How Bedrock Helps Provide Clean Vendor Data

For enterprises that want to ensure the highest quality data while overseeing supplier management on a centralized platform, Bedrock is a high-impact solution. Bedrock is a cloud-based software with an array of features with customization capabilities that makes it fit various needs for AP and procurement teams.

The Bedrock system has data tools that ensure businesses can access clean, up-to-date data on their vendors and financial situation. The Cornerstone Cleanse tools provided by Bedrock are a centralized hub for data that companies can use to validate and clean their data to ensure they are using accurate data insights to guide their decision-making.
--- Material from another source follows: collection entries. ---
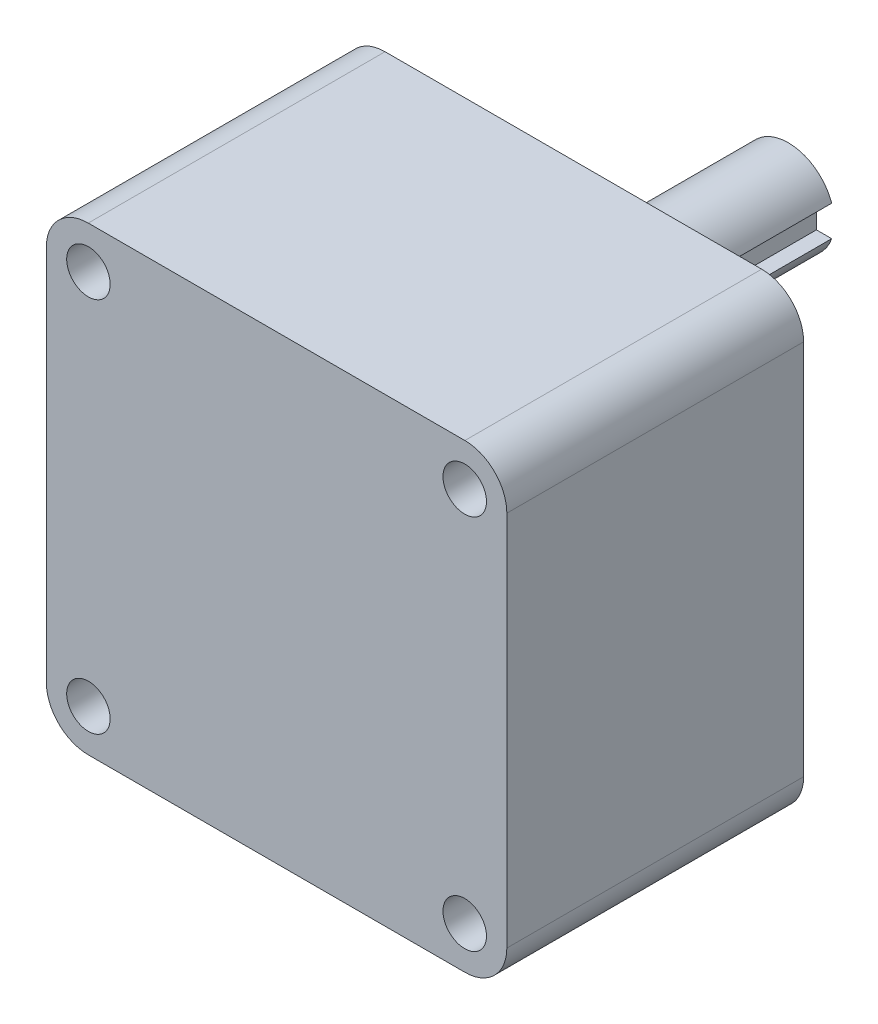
ISO-10303-21;
HEADER;
FILE_DESCRIPTION(('STEP AP214'),'2;1');
FILE_NAME('part.step','',(''),(''),'','','');
FILE_SCHEMA(('AUTOMOTIVE_DESIGN { 1 0 10303 214 1 1 1 1 }'));
ENDSEC;
DATA;
#1=APPLICATION_CONTEXT('core data for automotive mechanical design processes');
#2=APPLICATION_PROTOCOL_DEFINITION('international standard','automotive_design',2000,#1);
#3=PRODUCT_CONTEXT('',#1,'mechanical');
#4=PRODUCT('Part','Part','',(#3));
#5=PRODUCT_RELATED_PRODUCT_CATEGORY('part','',(#4));
#6=PRODUCT_DEFINITION_FORMATION('','',#4);
#7=PRODUCT_DEFINITION_CONTEXT('part definition',#1,'design');
#8=PRODUCT_DEFINITION('design','',#6,#7);
#9=PRODUCT_DEFINITION_SHAPE('','',#8);
#10=(LENGTH_UNIT() NAMED_UNIT(*) SI_UNIT(.MILLI.,.METRE.));
#11=(NAMED_UNIT(*) PLANE_ANGLE_UNIT() SI_UNIT($,.RADIAN.));
#12=(NAMED_UNIT(*) SI_UNIT($,.STERADIAN.) SOLID_ANGLE_UNIT());
#13=UNCERTAINTY_MEASURE_WITH_UNIT(LENGTH_MEASURE(1.E-05),#10,'distance_accuracy_value','');
#14=(GEOMETRIC_REPRESENTATION_CONTEXT(3) GLOBAL_UNCERTAINTY_ASSIGNED_CONTEXT((#13)) GLOBAL_UNIT_ASSIGNED_CONTEXT((#10,
#11,#12)) REPRESENTATION_CONTEXT('',''));
#15=CARTESIAN_POINT('',(0.,0.,0.));
#16=DIRECTION('',(0.,0.,1.));
#17=DIRECTION('',(1.,0.,0.));
#18=AXIS2_PLACEMENT_3D('',#15,#16,#17);
#19=CARTESIAN_POINT('',(0.,21.25,-96.5));
#20=DIRECTION('',(0.,0.,-1.));
#21=DIRECTION('',(0.,-1.,0.));
#22=AXIS2_PLACEMENT_3D('',#19,#20,#21);
#23=PLANE('',#22);
#24=CARTESIAN_POINT('',(0.,18.,-96.5));
#25=DIRECTION('',(0.,0.,1.));
#26=DIRECTION('',(-1.,0.,0.));
#27=AXIS2_PLACEMENT_3D('',#24,#25,#26);
#28=CIRCLE('',#27,2.5);
#29=CARTESIAN_POINT('',(-2.5,18.,-96.5));
#30=VERTEX_POINT('',#29);
#31=EDGE_CURVE('E323',#30,#30,#28,.T.);
#32=ORIENTED_EDGE('',*,*,#31,.T.);
#33=EDGE_LOOP('',(#32));
#34=FACE_BOUND('',#33,.T.);
#35=CARTESIAN_POINT('',(0.,18.,-96.5));
#36=DIRECTION('',(0.,0.,-1.));
#37=DIRECTION('',(1.,0.,0.));
#38=AXIS2_PLACEMENT_3D('',#35,#36,#37);
#39=CIRCLE('',#38,3.25);
#40=CARTESIAN_POINT('',(3.25,18.,-96.5));
#41=VERTEX_POINT('',#40);
#42=EDGE_CURVE('E331',#41,#41,#39,.T.);
#43=ORIENTED_EDGE('',*,*,#42,.T.);
#44=EDGE_LOOP('',(#43));
#45=FACE_BOUND('',#44,.T.);
#46=ADVANCED_FACE('F16',(#34,#45),#23,.T.);
#47=CARTESIAN_POINT('',(5.5,18.,-78.));
#48=DIRECTION('',(1.,0.,0.));
#49=DIRECTION('',(0.,1.,0.));
#50=AXIS2_PLACEMENT_3D('',#47,#48,#49);
#51=PLANE('',#50);
#52=CARTESIAN_POINT('',(5.5,18.,-78.));
#53=DIRECTION('',(1.,0.,0.));
#54=DIRECTION('',(0.,0.,-1.));
#55=AXIS2_PLACEMENT_3D('',#52,#53,#54);
#56=CIRCLE('',#55,3.);
#57=CARTESIAN_POINT('',(5.5,21.,-78.));
#58=VERTEX_POINT('',#57);
#59=CARTESIAN_POINT('',(5.5,15.,-78.));
#60=VERTEX_POINT('',#59);
#61=EDGE_CURVE('E353',#58,#60,#56,.T.);
#62=ORIENTED_EDGE('',*,*,#61,.T.);
#63=DIRECTION('',(0.,0.,-1.));
#64=VECTOR('',#63,1.);
#65=CARTESIAN_POINT('',(5.5,15.,-78.));
#66=LINE('',#65,#64);
#67=CARTESIAN_POINT('',(5.5,15.,-100.));
#68=VERTEX_POINT('',#67);
#69=EDGE_CURVE('E521',#60,#68,#66,.T.);
#70=ORIENTED_EDGE('',*,*,#69,.T.);
#71=DIRECTION('',(0.,1.,0.));
#72=VECTOR('',#71,1.);
#73=CARTESIAN_POINT('',(5.5,18.,-100.));
#74=LINE('',#73,#72);
#75=CARTESIAN_POINT('',(5.5,21.,-100.));
#76=VERTEX_POINT('',#75);
#77=EDGE_CURVE('E30',#68,#76,#74,.T.);
#78=ORIENTED_EDGE('',*,*,#77,.T.);
#79=DIRECTION('',(0.,0.,1.));
#80=VECTOR('',#79,1.);
#81=CARTESIAN_POINT('',(5.5,21.,-100.));
#82=LINE('',#81,#80);
#83=EDGE_CURVE('E10',#76,#58,#82,.T.);
#84=ORIENTED_EDGE('',*,*,#83,.T.);
#85=EDGE_LOOP('',(#62,#70,#78,#84));
#86=FACE_BOUND('',#85,.T.);
#87=ADVANCED_FACE('F752',(#86),#51,.T.);
#88=CARTESIAN_POINT('',(5.5,21.,-100.));
#89=DIRECTION('',(0.,1.,0.));
#90=DIRECTION('',(0.,0.,-1.));
#91=AXIS2_PLACEMENT_3D('',#88,#89,#90);
#92=PLANE('',#91);
#93=ORIENTED_EDGE('',*,*,#83,.F.);
#94=DIRECTION('',(1.,0.,0.));
#95=VECTOR('',#94,1.);
#96=CARTESIAN_POINT('',(0.,21.,-100.));
#97=LINE('',#96,#95);
#98=CARTESIAN_POINT('',(8.48528137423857,21.,-100.));
#99=VERTEX_POINT('',#98);
#100=EDGE_CURVE('E240',#76,#99,#97,.T.);
#101=ORIENTED_EDGE('',*,*,#100,.T.);
#102=DIRECTION('',(0.,0.,-1.));
#103=VECTOR('',#102,1.);
#104=CARTESIAN_POINT('',(8.48528137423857,21.,-36.1567686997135));
#105=LINE('',#104,#103);
#106=CARTESIAN_POINT('',(8.48528137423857,21.,-78.));
#107=VERTEX_POINT('',#106);
#108=EDGE_CURVE('E391',#107,#99,#105,.T.);
#109=ORIENTED_EDGE('',*,*,#108,.F.);
#110=DIRECTION('',(-1.,0.,0.));
#111=VECTOR('',#110,1.);
#112=CARTESIAN_POINT('',(5.5,21.,-78.));
#113=LINE('',#112,#111);
#114=EDGE_CURVE('E369',#107,#58,#113,.T.);
#115=ORIENTED_EDGE('',*,*,#114,.T.);
#116=EDGE_LOOP('',(#93,#101,#109,#115));
#117=FACE_BOUND('',#116,.T.);
#118=ADVANCED_FACE('F782',(#117),#92,.F.);
#119=CARTESIAN_POINT('',(0.,18.,-100.));
#120=DIRECTION('',(0.,0.,1.));
#121=DIRECTION('',(1.,0.,0.));
#122=AXIS2_PLACEMENT_3D('',#119,#120,#121);
#123=PLANE('',#122);
#124=CARTESIAN_POINT('',(0.,18.,-99.9999999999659));
#125=DIRECTION('',(0.,0.,-1.));
#126=DIRECTION('',(-1.,0.,0.));
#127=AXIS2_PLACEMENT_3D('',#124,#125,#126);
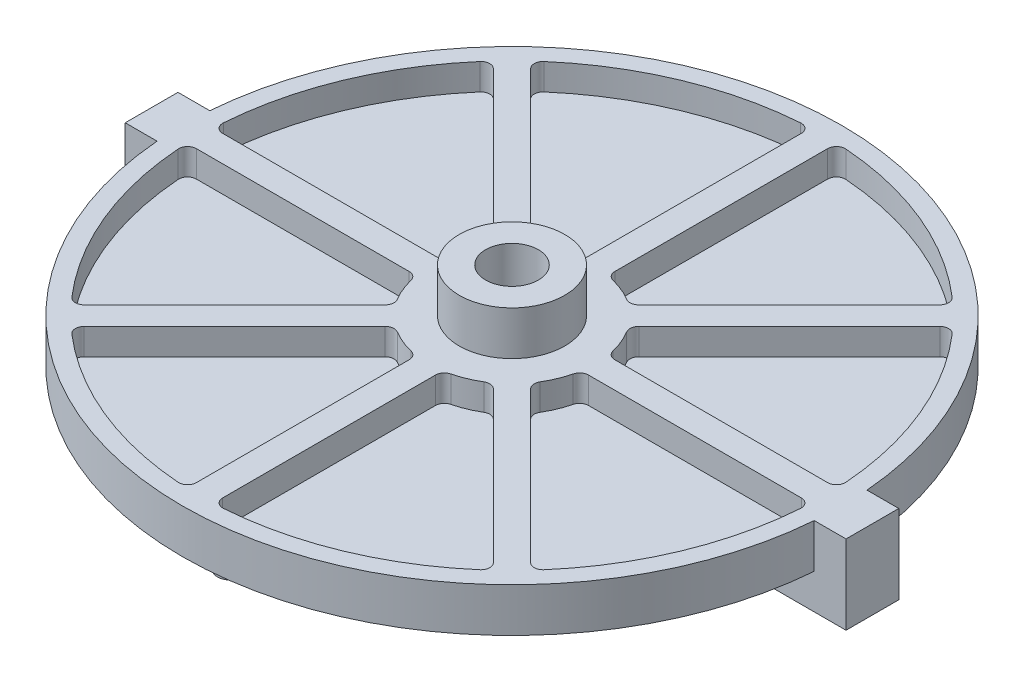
ISO-10303-21;
HEADER;
FILE_DESCRIPTION(('STEP AP214'),'2;1');
FILE_NAME('part.step','',(''),(''),'','','');
FILE_SCHEMA(('AUTOMOTIVE_DESIGN { 1 0 10303 214 1 1 1 1 }'));
ENDSEC;
DATA;
#1=APPLICATION_CONTEXT('core data for automotive mechanical design processes');
#2=APPLICATION_PROTOCOL_DEFINITION('international standard','automotive_design',2000,#1);
#3=PRODUCT_CONTEXT('',#1,'mechanical');
#4=PRODUCT('Part','Part','',(#3));
#5=PRODUCT_RELATED_PRODUCT_CATEGORY('part','',(#4));
#6=PRODUCT_DEFINITION_FORMATION('','',#4);
#7=PRODUCT_DEFINITION_CONTEXT('part definition',#1,'design');
#8=PRODUCT_DEFINITION('design','',#6,#7);
#9=PRODUCT_DEFINITION_SHAPE('','',#8);
#10=(LENGTH_UNIT() NAMED_UNIT(*) SI_UNIT(.MILLI.,.METRE.));
#11=(NAMED_UNIT(*) PLANE_ANGLE_UNIT() SI_UNIT($,.RADIAN.));
#12=(NAMED_UNIT(*) SI_UNIT($,.STERADIAN.) SOLID_ANGLE_UNIT());
#13=UNCERTAINTY_MEASURE_WITH_UNIT(LENGTH_MEASURE(1.E-05),#10,'distance_accuracy_value','');
#14=(GEOMETRIC_REPRESENTATION_CONTEXT(3) GLOBAL_UNCERTAINTY_ASSIGNED_CONTEXT((#13)) GLOBAL_UNIT_ASSIGNED_CONTEXT((#10,
#11,#12)) REPRESENTATION_CONTEXT('',''));
#15=CARTESIAN_POINT('',(0.,0.,0.));
#16=DIRECTION('',(0.,0.,1.));
#17=DIRECTION('',(1.,0.,0.));
#18=AXIS2_PLACEMENT_3D('',#15,#16,#17);
#19=CARTESIAN_POINT('',(0.,5.,0.));
#20=DIRECTION('',(0.,-1.,0.));
#21=DIRECTION('',(0.,0.,-1.));
#22=AXIS2_PLACEMENT_3D('',#19,#20,#21);
#23=CYLINDRICAL_SURFACE('',#22,37.5);
#24=DIRECTION('',(0.,-1.,0.));
#25=VECTOR('',#24,1.);
#26=CARTESIAN_POINT('',(-37.3798073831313,12.0075526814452,3.));
#27=LINE('',#26,#25);
#28=CARTESIAN_POINT('',(-37.3798073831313,5.,3.));
#29=VERTEX_POINT('',#28);
#30=CARTESIAN_POINT('',(-37.3798073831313,0.,3.));
#31=VERTEX_POINT('',#30);
#32=EDGE_CURVE('E550',#29,#31,#27,.T.);
#33=ORIENTED_EDGE('',*,*,#32,.T.);
#34=CARTESIAN_POINT('',(0.,0.,0.));
#35=DIRECTION('',(0.,1.,0.));
#36=DIRECTION('',(0.,0.,1.));
#37=AXIS2_PLACEMENT_3D('',#34,#35,#36);
#38=CIRCLE('',#37,37.5);
#39=CARTESIAN_POINT('',(37.3798073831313,0.,3.));
#40=VERTEX_POINT('',#39);
#41=EDGE_CURVE('E582',#31,#40,#38,.T.);
#42=ORIENTED_EDGE('',*,*,#41,.T.);
#43=DIRECTION('',(0.,-1.,0.));
#44=VECTOR('',#43,1.);
#45=CARTESIAN_POINT('',(37.3798073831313,12.0075526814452,3.));
#46=LINE('',#45,#44);
#47=CARTESIAN_POINT('',(37.3798073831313,5.,3.));
#48=VERTEX_POINT('',#47);
#49=EDGE_CURVE('E2275',#48,#40,#46,.T.);
#50=ORIENTED_EDGE('',*,*,#49,.F.);
#51=CARTESIAN_POINT('',(0.,5.,0.));
#52=DIRECTION('',(0.,1.,0.));
#53=DIRECTION('',(0.,0.,1.));
#54=AXIS2_PLACEMENT_3D('',#51,#52,#53);
#55=CIRCLE('',#54,37.5);
#56=EDGE_CURVE('E2096',#29,#48,#55,.T.);
#57=ORIENTED_EDGE('',*,*,#56,.F.);
#58=EDGE_LOOP('',(#33,#42,#50,#57));
#59=FACE_BOUND('',#58,.T.);
#60=ADVANCED_FACE('F41',(#59),#23,.T.);
#61=DIRECTION('',(0.,-1.,0.));
#62=VECTOR('',#61,1.);
#63=CARTESIAN_POINT('',(-37.3798073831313,12.0075526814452,-3.));
#64=LINE('',#63,#62);
#65=CARTESIAN_POINT('',(-37.3798073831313,5.,-3.));
#66=VERTEX_POINT('',#65);
#67=CARTESIAN_POINT('',(-37.3798073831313,0.,-3.));
#68=VERTEX_POINT('',#67);
#69=EDGE_CURVE('E556',#66,#68,#64,.T.);
#70=ORIENTED_EDGE('',*,*,#69,.F.);
#71=CARTESIAN_POINT('',(37.3798073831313,5.,-3.));
#72=VERTEX_POINT('',#71);
#73=EDGE_CURVE('E589',#72,#66,#55,.T.);
#74=ORIENTED_EDGE('',*,*,#73,.F.);
#75=DIRECTION('',(0.,-1.,0.));
#76=VECTOR('',#75,1.);
#77=CARTESIAN_POINT('',(37.3798073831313,12.0075526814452,-3.));
#78=LINE('',#77,#76);
#79=CARTESIAN_POINT('',(37.3798073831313,0.,-3.));
#80=VERTEX_POINT('',#79);
#81=EDGE_CURVE('E2262',#72,#80,#78,.T.);
#82=ORIENTED_EDGE('',*,*,#81,.T.);
#83=EDGE_CURVE('E587',#80,#68,#38,.T.);
#84=ORIENTED_EDGE('',*,*,#83,.T.);
#85=EDGE_LOOP('',(#70,#74,#82,#84));
#86=FACE_BOUND('',#85,.T.);
#87=ADVANCED_FACE('F1251',(#86),#23,.T.);
#88=CARTESIAN_POINT('',(0.,0.,0.));
#89=DIRECTION('',(0.,1.,0.));
#90=DIRECTION('',(0.,0.,1.));
#91=AXIS2_PLACEMENT_3D('',#88,#89,#90);
#92=PLANE('',#91);
#93=CARTESIAN_POINT('',(0.,0.,-17.));
#94=DIRECTION('',(0.,-1.,0.));
#95=DIRECTION('',(0.,0.,-1.));
#96=AXIS2_PLACEMENT_3D('',#93,#94,#95);
#97=CIRCLE('',#96,1.50000000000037);
#98=CARTESIAN_POINT('',(1.50000000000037,0.,-17.));
#99=VERTEX_POINT('',#98);
#100=CARTESIAN_POINT('',(-1.50000000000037,0.,-17.));
#101=VERTEX_POINT('',#100);
#102=EDGE_CURVE('E2184',#99,#101,#97,.T.);
#103=ORIENTED_EDGE('',*,*,#102,.F.);
#104=DIRECTION('',(0.,0.,1.));
#105=VECTOR('',#104,1.);
#106=CARTESIAN_POINT('',(1.50000000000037,0.,-17.));
#107=LINE('',#106,#105);
#108=CARTESIAN_POINT('',(1.50000000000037,0.,-32.));
#109=VERTEX_POINT('',#108);
#110=EDGE_CURVE('E2205',#109,#99,#107,.T.);
#111=ORIENTED_EDGE('',*,*,#110,.F.);
#112=CARTESIAN_POINT('',(0.,0.,-32.));
#113=DIRECTION('',(0.,-1.,0.));
#114=DIRECTION('',(0.,0.,-1.));
#115=AXIS2_PLACEMENT_3D('',#112,#113,#114);
#116=CIRCLE('',#115,1.50000000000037);
#117=CARTESIAN_POINT('',(-1.50000000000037,0.,-32.));
#118=VERTEX_POINT('',#117);
#119=EDGE_CURVE('E2209',#118,#109,#116,.T.);
#120=ORIENTED_EDGE('',*,*,#119,.F.);
#121=DIRECTION('',(0.,0.,-1.));
#122=VECTOR('',#121,1.);
#123=CARTESIAN_POINT('',(-1.50000000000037,0.,-17.));
#124=LINE('',#123,#122);
#125=EDGE_CURVE('E2188',#101,#118,#124,.T.);
#126=ORIENTED_EDGE('',*,*,#125,.F.);
#127=EDGE_LOOP('',(#103,#111,#120,#126));
#128=FACE_BOUND('',#127,.T.);
#129=DIRECTION('',(1.,0.,0.));
#130=VECTOR('',#129,1.);
#131=CARTESIAN_POINT('',(-41.,0.,-3.));
#132=LINE('',#131,#130);
#133=EDGE_CURVE('E2255',#68,#80,#132,.T.);
#134=ORIENTED_EDGE('',*,*,#133,.F.);
#135=ORIENTED_EDGE('',*,*,#83,.F.);
#136=EDGE_LOOP('',(#134,#135));
#137=FACE_BOUND('',#136,.T.);
#138=ADVANCED_FACE('F1257',(#128,#137),#92,.F.);
#139=DIRECTION('',(0.,0.,-1.));
#140=VECTOR('',#139,1.);
#141=CARTESIAN_POINT('',(1.50000000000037,0.,17.));
#142=LINE('',#141,#140);
#143=CARTESIAN_POINT('',(1.50000000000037,0.,32.));
#144=VERTEX_POINT('',#143);
#145=CARTESIAN_POINT('',(1.50000000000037,0.,17.));
#146=VERTEX_POINT('',#145);
#147=EDGE_CURVE('E2910',#144,#146,#142,.T.);
#148=ORIENTED_EDGE('',*,*,#147,.T.);
#149=CARTESIAN_POINT('',(0.,0.,17.));
#150=DIRECTION('',(0.,1.,0.));
#151=DIRECTION('',(0.,0.,1.));
#152=AXIS2_PLACEMENT_3D('',#149,#150,#151);
#153=CIRCLE('',#152,1.50000000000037);
#154=CARTESIAN_POINT('',(-1.50000000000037,0.,17.));
#155=VERTEX_POINT('',#154);
#156=EDGE_CURVE('E2345',#146,#155,#153,.T.);
#157=ORIENTED_EDGE('',*,*,#156,.T.);
#158=DIRECTION('',(0.,0.,1.));
#159=VECTOR('',#158,1.);
#160=CARTESIAN_POINT('',(-1.50000000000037,0.,17.));
#161=LINE('',#160,#159);
#162=CARTESIAN_POINT('',(-1.50000000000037,0.,32.));
#163=VERTEX_POINT('',#162);
#164=EDGE_CURVE('E2909',#155,#163,#161,.T.);
#165=ORIENTED_EDGE('',*,*,#164,.T.);
#166=CARTESIAN_POINT('',(0.,0.,32.));
#167=DIRECTION('',(0.,1.,0.));
#168=DIRECTION('',(0.,0.,1.));
#169=AXIS2_PLACEMENT_3D('',#166,#167,#168);
#170=CIRCLE('',#169,1.50000000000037);
#171=EDGE_CURVE('E2904',#163,#144,#170,.T.);
#172=ORIENTED_EDGE('',*,*,#171,.T.);
#173=EDGE_LOOP('',(#148,#157,#165,#172));
#174=FACE_BOUND('',#173,.T.);
#175=DIRECTION('',(-1.,0.,0.));
#176=VECTOR('',#175,1.);
#177=CARTESIAN_POINT('',(-41.,0.,3.));
#178=LINE('',#177,#176);
#179=EDGE_CURVE('E2285',#40,#31,#178,.T.);
#180=ORIENTED_EDGE('',*,*,#179,.F.);
#181=ORIENTED_EDGE('',*,*,#41,.F.);
#182=EDGE_LOOP('',(#180,#181));
#183=FACE_BOUND('',#182,.T.);
#184=ADVANCED_FACE('F1757',(#174,#183),#92,.F.);
#185=CARTESIAN_POINT('',(0.,2.,0.));
#186=DIRECTION('',(0.,1.,0.));
#187=DIRECTION('',(0.,0.,1.));
#188=AXIS2_PLACEMENT_3D('',#185,#186,#187);
#189=PLANE('',#188);
#190=DIRECTION('',(-1.,0.,0.));
#191=VECTOR('',#190,1.);
#192=CARTESIAN_POINT('',(0.,2.,-1.5));
#193=LINE('',#192,#191);
#194=CARTESIAN_POINT('',(34.4093010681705,2.,-1.5));
#195=VERTEX_POINT('',#194);
#196=CARTESIAN_POINT('',(10.1980390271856,2.,-1.5));
#197=VERTEX_POINT('',#196);
#198=EDGE_CURVE('E1238',#195,#197,#193,.T.);
#199=ORIENTED_EDGE('',*,*,#198,.F.);
#200=CARTESIAN_POINT('',(34.4093010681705,2.,-2.5));
#201=DIRECTION('',(0.,1.,0.));
#202=DIRECTION('',(0.,0.,1.));
#203=AXIS2_PLACEMENT_3D('',#200,#201,#202);
#204=CIRCLE('',#203,1.);
#205=CARTESIAN_POINT('',(35.4066721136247,2.,-2.57246376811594));
#206=VERTEX_POINT('',#205);
#207=EDGE_CURVE('E604',#195,#206,#204,.T.);
#208=ORIENTED_EDGE('',*,*,#207,.T.);
#209=CARTESIAN_POINT('',(0.,2.,0.));
#210=DIRECTION('',(0.,1.,0.));
#211=DIRECTION('',(0.,0.,1.));
#212=AXIS2_PLACEMENT_3D('',#209,#210,#211);
#213=CIRCLE('',#212,35.5);
#214=CARTESIAN_POINT('',(26.8553045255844,2.,-23.2172913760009));
#215=VERTEX_POINT('',#214);
#216=EDGE_CURVE('E1069',#206,#215,#213,.T.);
#217=ORIENTED_EDGE('',*,*,#216,.T.);
#218=CARTESIAN_POINT('',(26.0988170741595,2.,-22.5632831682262));
#219=DIRECTION('',(0.,1.,0.));
#220=DIRECTION('',(0.,0.,1.));
#221=AXIS2_PLACEMENT_3D('',#218,#219,#220);
#222=CIRCLE('',#221,1.);
#223=CARTESIAN_POINT('',(25.391710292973,2.,-23.2703899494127));
#224=VERTEX_POINT('',#223);
#225=EDGE_CURVE('E608',#215,#224,#222,.T.);
#226=ORIENTED_EDGE('',*,*,#225,.T.);
#227=DIRECTION('',(-0.707106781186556,0.,0.707106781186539));
#228=VECTOR('',#227,1.);
#229=CARTESIAN_POINT('',(1.06066017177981,2.,1.06066017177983));
#230=LINE('',#229,#228);
#231=CARTESIAN_POINT('',(8.27176272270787,2.,-6.15044237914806));
#232=VERTEX_POINT('',#231);
#233=EDGE_CURVE('E2168',#224,#232,#230,.T.);
#234=ORIENTED_EDGE('',*,*,#233,.T.);
#235=CARTESIAN_POINT('',(8.97886950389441,2.,-5.4433355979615));
#236=DIRECTION('',(0.,1.,0.));
#237=DIRECTION('',(0.,0.,1.));
#238=AXIS2_PLACEMENT_3D('',#235,#236,#237);
#239=CIRCLE('',#238,1.);
#240=CARTESIAN_POINT('',(8.12373907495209,2.,-4.92492268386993));
#241=VERTEX_POINT('',#240);
#242=EDGE_CURVE('E623',#232,#241,#239,.T.);
#243=ORIENTED_EDGE('',*,*,#242,.T.);
#244=CARTESIAN_POINT('',(0.,2.,0.));
#245=DIRECTION('',(0.,1.,0.));
#246=DIRECTION('',(0.,0.,1.));
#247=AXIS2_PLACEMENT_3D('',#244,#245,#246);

The Cleanse software can spot duplicate data, incomplete data, and unverified data; so enterprises are aware of when they may be relying on information that is either erroneous, incomplete, or outdated.

Data that is inaccurate and not current can cause enormous problems for enterprises and eliminate the benefits that business intelligence is supposed to provide. With Bedrock’s Cornerstone features, AP and procurement teams can have a central source of truth where they can have absolute confidence that the information is valid and up-to-date. Clean data is necessary for supplier management, enabling businesses to develop more efficient processes, cut costs, and make informed decisions. With Bedrock, organizations can have clean, verified data that provide up-to-the-minute information in a constantly evolving world of supplier management.